# Best book on pigeons?



## TitanicWreck (Jun 12, 2003)

I always feed the feral pigeons in my city, and love to watch them walk at the speed of sound..can anyone recommend a good book on pigeons, about pigeon varieties, etc?

thanks

TCS


----------



## Skyeking (Jan 17, 2003)

One old stand by that everyone seems to have, including me is the pigeon book:

Pigeons by Matthew M. Vriends.

It has a little bit about everything including breeds.


----------



## TitanicWreck (Jun 12, 2003)

Trees Gray said:


> One old stand by that everyone seems to have, including me is the pigeon book:
> 
> Pigeons by Matthew M. Vriends.
> 
> It has a little bit about everything including breeds.




Thanks!
I just bought one off Ebay, I cant wait to read it.
I am curious if ferals can be 'adopted', or if they are set in thier ways and like thier independence..They are so used to people they seem partially tame anyway....I would like to have the kind of pigeons that walks around my city- but im not inclined to pigeon-nap any pidgies...I live in a city apartment, but when iu have the bread to have a home in the country, I AM going to raise pigeons...My friends think Im crazy for loving pigeons.

regards


tarn Stephanos


----------



## mr squeaks (Apr 14, 2005)

*My friends too*

thought I was nuts to have a pigeon.

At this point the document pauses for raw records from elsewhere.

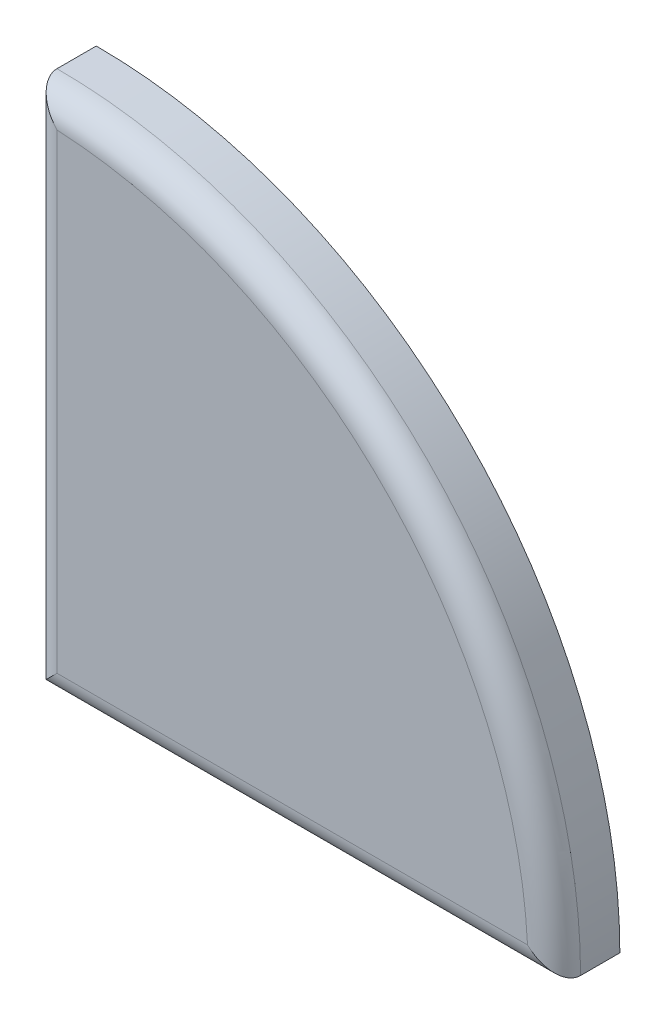
ISO-10303-21;
HEADER;
FILE_DESCRIPTION(('STEP AP214'),'2;1');
FILE_NAME('part.step','',(''),(''),'','','');
FILE_SCHEMA(('AUTOMOTIVE_DESIGN { 1 0 10303 214 1 1 1 1 }'));
ENDSEC;
DATA;
#1=APPLICATION_CONTEXT('core data for automotive mechanical design processes');
#2=APPLICATION_PROTOCOL_DEFINITION('international standard','automotive_design',2000,#1);
#3=PRODUCT_CONTEXT('',#1,'mechanical');
#4=PRODUCT('Part','Part','',(#3));
#5=PRODUCT_RELATED_PRODUCT_CATEGORY('part','',(#4));
#6=PRODUCT_DEFINITION_FORMATION('','',#4);
#7=PRODUCT_DEFINITION_CONTEXT('part definition',#1,'design');
#8=PRODUCT_DEFINITION('design','',#6,#7);
#9=PRODUCT_DEFINITION_SHAPE('','',#8);
#10=(LENGTH_UNIT() NAMED_UNIT(*) SI_UNIT(.MILLI.,.METRE.));
#11=(NAMED_UNIT(*) PLANE_ANGLE_UNIT() SI_UNIT($,.RADIAN.));
#12=(NAMED_UNIT(*) SI_UNIT($,.STERADIAN.) SOLID_ANGLE_UNIT());
#13=UNCERTAINTY_MEASURE_WITH_UNIT(LENGTH_MEASURE(1.E-05),#10,'distance_accuracy_value','');
#14=(GEOMETRIC_REPRESENTATION_CONTEXT(3) GLOBAL_UNCERTAINTY_ASSIGNED_CONTEXT((#13)) GLOBAL_UNIT_ASSIGNED_CONTEXT((#10,
#11,#12)) REPRESENTATION_CONTEXT('',''));
#15=CARTESIAN_POINT('',(0.,0.,0.));
#16=DIRECTION('',(0.,0.,1.));
#17=DIRECTION('',(1.,0.,0.));
#18=AXIS2_PLACEMENT_3D('',#15,#16,#17);
#19=CARTESIAN_POINT('',(-20.,-20.,5.));
#20=DIRECTION('',(0.,0.,-1.));
#21=DIRECTION('',(-1.,0.,0.));
#22=AXIS2_PLACEMENT_3D('',#19,#20,#21);
#23=CYLINDRICAL_SURFACE('',#22,40.);
#24=DIRECTION('',(0.,0.,-1.));
#25=VECTOR('',#24,1.);
#26=CARTESIAN_POINT('',(-20.,20.,5.));
#27=LINE('',#26,#25);
#28=CARTESIAN_POINT('',(-20.,20.,3.));
#29=VERTEX_POINT('',#28);
#30=CARTESIAN_POINT('',(-20.,20.,0.));
#31=VERTEX_POINT('',#30);
#32=EDGE_CURVE('E41',#29,#31,#27,.T.);
#33=ORIENTED_EDGE('',*,*,#32,.F.);
#34=CARTESIAN_POINT('',(-20.,-20.,3.));
#35=DIRECTION('',(0.,0.,-1.));
#36=DIRECTION('',(-1.,0.,0.));
#37=AXIS2_PLACEMENT_3D('',#34,#35,#36);
#38=CIRCLE('',#37,40.);
#39=CARTESIAN_POINT('',(20.,-20.,3.));
#40=VERTEX_POINT('',#39);
#41=EDGE_CURVE('E11',#29,#40,#38,.T.);
#42=ORIENTED_EDGE('',*,*,#41,.T.);
#43=DIRECTION('',(0.,0.,-1.));
#44=VECTOR('',#43,1.);
#45=CARTESIAN_POINT('',(20.,-20.,5.));
#46=LINE('',#45,#44);
#47=CARTESIAN_POINT('',(20.,-20.,0.));
#48=VERTEX_POINT('',#47);
#49=EDGE_CURVE('E28',#40,#48,#46,.T.);
#50=ORIENTED_EDGE('',*,*,#49,.T.);
#51=CARTESIAN_POINT('',(-20.,-20.,0.));
#52=DIRECTION('',(0.,0.,1.));
#53=DIRECTION('',(-1.,0.,0.));
#54=AXIS2_PLACEMENT_3D('',#51,#52,#53);
#55=CIRCLE('',#54,40.);
#56=EDGE_CURVE('E93',#48,#31,#55,.T.);
#57=ORIENTED_EDGE('',*,*,#56,.T.);
#58=EDGE_LOOP('',(#33,#42,#50,#57));
#59=FACE_BOUND('',#58,.T.);
#60=ADVANCED_FACE('F16',(#59),#23,.T.);
#61=CARTESIAN_POINT('',(-20.,-20.,5.));
#62=DIRECTION('',(1.,0.,0.));
#63=DIRECTION('',(0.,1.,0.));
#64=AXIS2_PLACEMENT_3D('',#61,#62,#63);
#65=PLANE('',#64);
#66=DIRECTION('',(0.,0.,-1.));
#67=VECTOR('',#66,1.);
#68=CARTESIAN_POINT('',(-20.,-20.,5.));
#69=LINE('',#68,#67);
#70=CARTESIAN_POINT('',(-20.,-20.,3.));
#71=VERTEX_POINT('',#70);
#72=CARTESIAN_POINT('',(-20.,-20.,0.));
#73=VERTEX_POINT('',#72);
#74=EDGE_CURVE('E75',#71,#73,#69,.T.);
#75=ORIENTED_EDGE('',*,*,#74,.F.);
#76=DIRECTION('',(0.,1.,0.));
#77=VECTOR('',#76,1.);
#78=CARTESIAN_POINT('',(-20.,-20.,3.));
#79=LINE('',#78,#77);
#80=EDGE_CURVE('E356',#71,#29,#79,.T.);
#81=ORIENTED_EDGE('',*,*,#80,.T.);
#82=ORIENTED_EDGE('',*,*,#32,.T.);
#83=DIRECTION('',(0.,-1.,0.));
#84=VECTOR('',#83,1.);
#85=CARTESIAN_POINT('',(-20.,-20.,0.));
#86=LINE('',#85,#84);
#87=EDGE_CURVE('E87',#31,#73,#86,.T.);
#88=ORIENTED_EDGE('',*,*,#87,.T.);
#89=EDGE_LOOP('',(#75,#81,#82,#88));
#90=FACE_BOUND('',#89,.T.);
#91=ADVANCED_FACE('F88',(#90),#65,.F.);
#92=CARTESIAN_POINT('',(20.,-20.,5.));
#93=DIRECTION('',(0.,1.,0.));
#94=DIRECTION('',(1.,0.,0.));
#95=AXIS2_PLACEMENT_3D('',#92,#93,#94);
#96=PLANE('',#95);
#97=ORIENTED_EDGE('',*,*,#49,.F.);
#98=DIRECTION('',(-1.,0.,0.));
#99=VECTOR('',#98,1.);
#100=CARTESIAN_POINT('',(20.,-20.,3.));
#101=LINE('',#100,#99);
#102=EDGE_CURVE('E81',#40,#71,#101,.T.);
#103=ORIENTED_EDGE('',*,*,#102,.T.);
#104=ORIENTED_EDGE('',*,*,#74,.T.);
#105=DIRECTION('',(1.,0.,0.));
#106=VECTOR('',#105,1.);
#107=CARTESIAN_POINT('',(20.,-20.,0.));
#108=LINE('',#107,#106);
#109=EDGE_CURVE('E80',#73,#48,#108,.T.);
#110=ORIENTED_EDGE('',*,*,#109,.T.);
#111=EDGE_LOOP('',(#97,#103,#104,#110));
#112=FACE_BOUND('',#111,.T.);
#113=ADVANCED_FACE('F78',(#112),#96,.F.);
#114=CARTESIAN_POINT('',(-20.,-20.,5.));
#115=DIRECTION('',(0.,0.,-1.));
#116=DIRECTION('',(0.,-1.,0.));
#117=AXIS2_PLACEMENT_3D('',#114,#115,#116);
#118=PLANE('',#117);
#119=DIRECTION('',(0.,-1.,0.));
#120=VECTOR('',#119,1.);
#121=CARTESIAN_POINT('',(-18.,-20.,5.));
#122=LINE('',#121,#120);
#123=CARTESIAN_POINT('',(-18.,17.9473319220205,5.));
#124=VERTEX_POINT('',#123);
#125=CARTESIAN_POINT('',(-18.,-18.,5.));
#126=VERTEX_POINT('',#125);
#127=EDGE_CURVE('E96',#124,#126,#122,.T.);
#128=ORIENTED_EDGE('',*,*,#127,.T.);
#129=DIRECTION('',(1.,0.,0.));
#130=VECTOR('',#129,1.);
#131=CARTESIAN_POINT('',(-20.,-18.,5.));
#132=LINE('',#131,#130);
#133=CARTESIAN_POINT('',(17.9473319220205,-18.,5.));
#134=VERTEX_POINT('',#133);
#135=EDGE_CURVE('E103',#126,#134,#132,.T.);
#136=ORIENTED_EDGE('',*,*,#135,.T.);
#137=CARTESIAN_POINT('',(-20.,-20.,5.));
#138=DIRECTION('',(0.,0.,1.));
#139=DIRECTION('',(-1.,0.,0.));
#140=AXIS2_PLACEMENT_3D('',#137,#138,#139);
#141=CIRCLE('',#140,38.);
#142=EDGE_CURVE('E150',#134,#124,#141,.T.);
#143=ORIENTED_EDGE('',*,*,#142,.T.);
#144=EDGE_LOOP('',(#128,#136,#143));
#145=FACE_BOUND('',#144,.T.);
#146=ADVANCED_FACE('F127',(#145),#118,.F.);
#147=CARTESIAN_POINT('',(-20.,-20.,0.));
#148=DIRECTION('',(0.,0.,-1.));
#149=DIRECTION('',(0.,-1.,0.));
#150=AXIS2_PLACEMENT_3D('',#147,#148,#149);
#151=PLANE('',#150);
#152=ORIENTED_EDGE('',*,*,#56,.F.);
#153=ORIENTED_EDGE('',*,*,#109,.F.);
#154=ORIENTED_EDGE('',*,*,#87,.F.);
#155=EDGE_LOOP('',(#152,#153,#154));
#156=FACE_BOUND('',#155,.T.);
#157=ADVANCED_FACE('F92',(#156),#151,.T.);
#158=CARTESIAN_POINT('',(-18.,-20.,3.));
#159=DIRECTION('',(0.,-1.,0.));
#160=DIRECTION('',(0.,0.,-1.));
#161=AXIS2_PLACEMENT_3D('',#158,#159,#160);
#162=CYLINDRICAL_SURFACE('',#161,2.);
#163=CARTESIAN_POINT('',(-18.,-18.,5.));
#164=CARTESIAN_POINT('',(-19.1715728752538,-19.1715728752538,5.00000000000001));
#165=CARTESIAN_POINT('',(-20.,-20.,4.17157287525381));
#166=CARTESIAN_POINT('',(-20.,-20.,3.));
#167=(BOUNDED_CURVE() B_SPLINE_CURVE(3,(#163,#164,#165,#166),.UNSPECIFIED.,.F.,
.F.) B_SPLINE_CURVE_WITH_KNOTS((4,4),(4.71238898038469,6.28318530717959),
.UNSPECIFIED.) CURVE() GEOMETRIC_REPRESENTATION_ITEM() RATIONAL_B_SPLINE_CURVE((1.,
0.804737854124365,0.804737854124365,1.)) REPRESENTATION_ITEM(''));
#168=EDGE_CURVE('E163',#126,#71,#167,.T.);
#169=ORIENTED_EDGE('',*,*,#168,.F.);
#170=ORIENTED_EDGE('',*,*,#127,.F.);
#171=CARTESIAN_POINT('',(-20.0000000000001,20.,3.));
#172=CARTESIAN_POINT('',(-20.0000003530414,20.000000401746,3.01922782404628));
#173=CARTESIAN_POINT('',(-19.9997189131085,19.9997227338852,3.0384554570293));
#174=CARTESIAN_POINT('',(-19.9985964164672,19.9986127672637,3.07692685774793));
#175=CARTESIAN_POINT('',(-19.9977539532661,19.9977790745332,3.09617054432251));
#176=CARTESIAN_POINT('',(-19.9955096741128,19.9955548697261,3.13465785350083));
#177=CARTESIAN_POINT('',(-19.9941059931842,19.9941625010642,3.15390125978837));
#178=CARTESIAN_POINT('',(-19.9907401948945,19.9908197417427,3.19237188352495));
#179=CARTESIAN_POINT('',(-19.98877577393,19.9888670490109,3.21159869906074));
#180=CARTESIAN_POINT('',(-19.9842893924962,19.9844026662456,3.25001990455247));
#181=CARTESIAN_POINT('',(-19.9817647120339,19.9818882486913,3.26921365945341));
#182=CARTESIAN_POINT('',(-19.9761588645809,19.9762998742359,3.30755245774012));
#183=CARTESIAN_POINT('',(-19.9730745879879,19.9732227898799,3.32669658987219));
#184=CARTESIAN_POINT('',(-19.9663507051737,19.9665089197757,3.36491980272752));
#185=CARTESIAN_POINT('',(-19.9627076294995,19.9628686359397,3.38399765778847));
#186=CARTESIAN_POINT('',(-19.9548674189808,19.9550286017776,3.42207193565066));
#187=CARTESIAN_POINT('',(-19.9506664871833,19.9508250154582,3.44106678556811));
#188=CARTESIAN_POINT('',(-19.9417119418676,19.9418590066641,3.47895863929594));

But I don't believe in "accidents" and Mr. Squeaks, I am convinced, would not be alive today if I had not found him and brought him home. Everything just seemd to fall into place when I needed help and an Avian Vet. He seems quite healthy and happy with 4 cats and his mate (me) in a l bdrm apartment. The antics between Squeaks and the cats is an endless source of entertainment. They are all teaching me A LOT! 

When I found out about this site, I posted his story in the STORY section and have been following threads/posts since.

While you will enjoy the book, this site has EVERYTHING you need to know about pigeons. And, if any questions are unusual, someone will know a reference.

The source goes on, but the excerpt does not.